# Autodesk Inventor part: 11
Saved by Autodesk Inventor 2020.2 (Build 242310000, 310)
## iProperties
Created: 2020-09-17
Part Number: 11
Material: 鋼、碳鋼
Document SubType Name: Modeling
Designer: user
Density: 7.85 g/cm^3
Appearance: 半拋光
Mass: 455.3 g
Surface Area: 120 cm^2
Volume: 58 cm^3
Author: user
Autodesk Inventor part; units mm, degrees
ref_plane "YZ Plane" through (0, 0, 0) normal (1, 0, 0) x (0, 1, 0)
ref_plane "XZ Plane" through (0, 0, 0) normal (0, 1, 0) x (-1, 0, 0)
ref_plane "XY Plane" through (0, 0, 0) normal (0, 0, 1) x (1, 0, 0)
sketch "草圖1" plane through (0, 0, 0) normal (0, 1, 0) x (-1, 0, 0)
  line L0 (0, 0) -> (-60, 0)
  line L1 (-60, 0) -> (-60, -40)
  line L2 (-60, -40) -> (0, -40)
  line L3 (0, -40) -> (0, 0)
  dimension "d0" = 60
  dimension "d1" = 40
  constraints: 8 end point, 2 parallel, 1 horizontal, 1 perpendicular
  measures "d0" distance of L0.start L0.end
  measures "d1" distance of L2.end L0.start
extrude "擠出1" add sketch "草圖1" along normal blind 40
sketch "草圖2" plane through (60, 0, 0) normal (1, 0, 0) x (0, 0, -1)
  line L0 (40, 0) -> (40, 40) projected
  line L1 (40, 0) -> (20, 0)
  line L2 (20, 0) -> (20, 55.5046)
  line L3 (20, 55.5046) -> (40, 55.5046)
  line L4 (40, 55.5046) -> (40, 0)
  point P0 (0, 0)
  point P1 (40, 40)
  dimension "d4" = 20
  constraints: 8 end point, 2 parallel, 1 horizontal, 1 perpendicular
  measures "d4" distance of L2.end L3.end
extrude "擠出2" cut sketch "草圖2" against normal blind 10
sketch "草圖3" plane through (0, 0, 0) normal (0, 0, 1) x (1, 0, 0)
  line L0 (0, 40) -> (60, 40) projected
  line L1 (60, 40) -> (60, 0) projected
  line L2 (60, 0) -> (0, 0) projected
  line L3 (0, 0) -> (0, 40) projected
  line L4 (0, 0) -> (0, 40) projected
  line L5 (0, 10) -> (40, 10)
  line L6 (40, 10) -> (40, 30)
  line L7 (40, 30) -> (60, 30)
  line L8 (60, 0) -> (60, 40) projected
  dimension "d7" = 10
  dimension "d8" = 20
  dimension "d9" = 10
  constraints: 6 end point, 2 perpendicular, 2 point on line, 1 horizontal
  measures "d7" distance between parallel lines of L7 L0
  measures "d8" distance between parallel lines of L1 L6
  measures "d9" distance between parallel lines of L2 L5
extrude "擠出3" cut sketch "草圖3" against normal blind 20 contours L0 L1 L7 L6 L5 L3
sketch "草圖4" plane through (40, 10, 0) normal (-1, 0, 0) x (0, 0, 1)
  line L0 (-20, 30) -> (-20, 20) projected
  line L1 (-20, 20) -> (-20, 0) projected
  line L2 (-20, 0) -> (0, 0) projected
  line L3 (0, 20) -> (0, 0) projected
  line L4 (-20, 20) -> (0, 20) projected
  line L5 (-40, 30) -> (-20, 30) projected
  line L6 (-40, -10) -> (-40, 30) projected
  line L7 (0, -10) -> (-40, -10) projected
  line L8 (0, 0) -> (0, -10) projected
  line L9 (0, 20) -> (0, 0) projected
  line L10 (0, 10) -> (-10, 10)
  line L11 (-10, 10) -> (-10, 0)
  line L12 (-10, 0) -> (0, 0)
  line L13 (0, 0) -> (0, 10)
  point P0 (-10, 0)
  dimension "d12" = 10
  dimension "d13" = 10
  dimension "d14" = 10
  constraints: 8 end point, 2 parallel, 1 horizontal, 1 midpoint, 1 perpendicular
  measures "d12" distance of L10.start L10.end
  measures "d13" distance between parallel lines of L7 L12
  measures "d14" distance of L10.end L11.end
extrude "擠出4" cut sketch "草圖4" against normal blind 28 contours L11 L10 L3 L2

----

Exercise
Exactly as they appear above, output the lines of the data from the first through the one that contains "L7 L6 L5 L3", and only those lines.

Solution for this exercise
# Autodesk Inventor part: 11
Saved by Autodesk Inventor 2020.2 (Build 242310000, 310)
## iProperties
Created: 2020-09-17
Part Number: 11
Material: 鋼、碳鋼
Document SubType Name: Modeling
Designer: user
Density: 7.85 g/cm^3
Appearance: 半拋光
Mass: 455.3 g
Surface Area: 120 cm^2
Volume: 58 cm^3
Author: user
Autodesk Inventor part; units mm, degrees
ref_plane "YZ Plane" through (0, 0, 0) normal (1, 0, 0) x (0, 1, 0)
ref_plane "XZ Plane" through (0, 0, 0) normal (0, 1, 0) x (-1, 0, 0)
ref_plane "XY Plane" through (0, 0, 0) normal (0, 0, 1) x (1, 0, 0)
sketch "草圖1" plane through (0, 0, 0) normal (0, 1, 0) x (-1, 0, 0)
  line L0 (0, 0) -> (-60, 0)
  line L1 (-60, 0) -> (-60, -40)
  line L2 (-60, -40) -> (0, -40)
  line L3 (0, -40) -> (0, 0)
  dimension "d0" = 60
  dimension "d1" = 40
  constraints: 8 end point, 2 parallel, 1 horizontal, 1 perpendicular
  measures "d0" distance of L0.start L0.end
  measures "d1" distance of L2.end L0.start
extrude "擠出1" add sketch "草圖1" along normal blind 40
sketch "草圖2" plane through (60, 0, 0) normal (1, 0, 0) x (0, 0, -1)
  line L0 (40, 0) -> (40, 40) projected
  line L1 (40, 0) -> (20, 0)
  line L2 (20, 0) -> (20, 55.5046)
  line L3 (20, 55.5046) -> (40, 55.5046)
  line L4 (40, 55.5046) -> (40, 0)
  point P0 (0, 0)
  point P1 (40, 40)
  dimension "d4" = 20
  constraints: 8 end point, 2 parallel, 1 horizontal, 1 perpendicular
  measures "d4" distance of L2.end L3.end
extrude "擠出2" cut sketch "草圖2" against normal blind 10
sketch "草圖3" plane through (0, 0, 0) normal (0, 0, 1) x (1, 0, 0)
  line L0 (0, 40) -> (60, 40) projected
  line L1 (60, 40) -> (60, 0) projected
  line L2 (60, 0) -> (0, 0) projected
  line L3 (0, 0) -> (0, 40) projected
  line L4 (0, 0) -> (0, 40) projected
  line L5 (0, 10) -> (40, 10)
  line L6 (40, 10) -> (40, 30)
  line L7 (40, 30) -> (60, 30)
  line L8 (60, 0) -> (60, 40) projected
  dimension "d7" = 10
  dimension "d8" = 20
  dimension "d9" = 10
  constraints: 6 end point, 2 perpendicular, 2 point on line, 1 horizontal
  measures "d7" distance between parallel lines of L7 L0
  measures "d8" distance between parallel lines of L1 L6
  measures "d9" distance between parallel lines of L2 L5
extrude "擠出3" cut sketch "草圖3" against normal blind 20 contours L0 L1 L7 L6 L5 L3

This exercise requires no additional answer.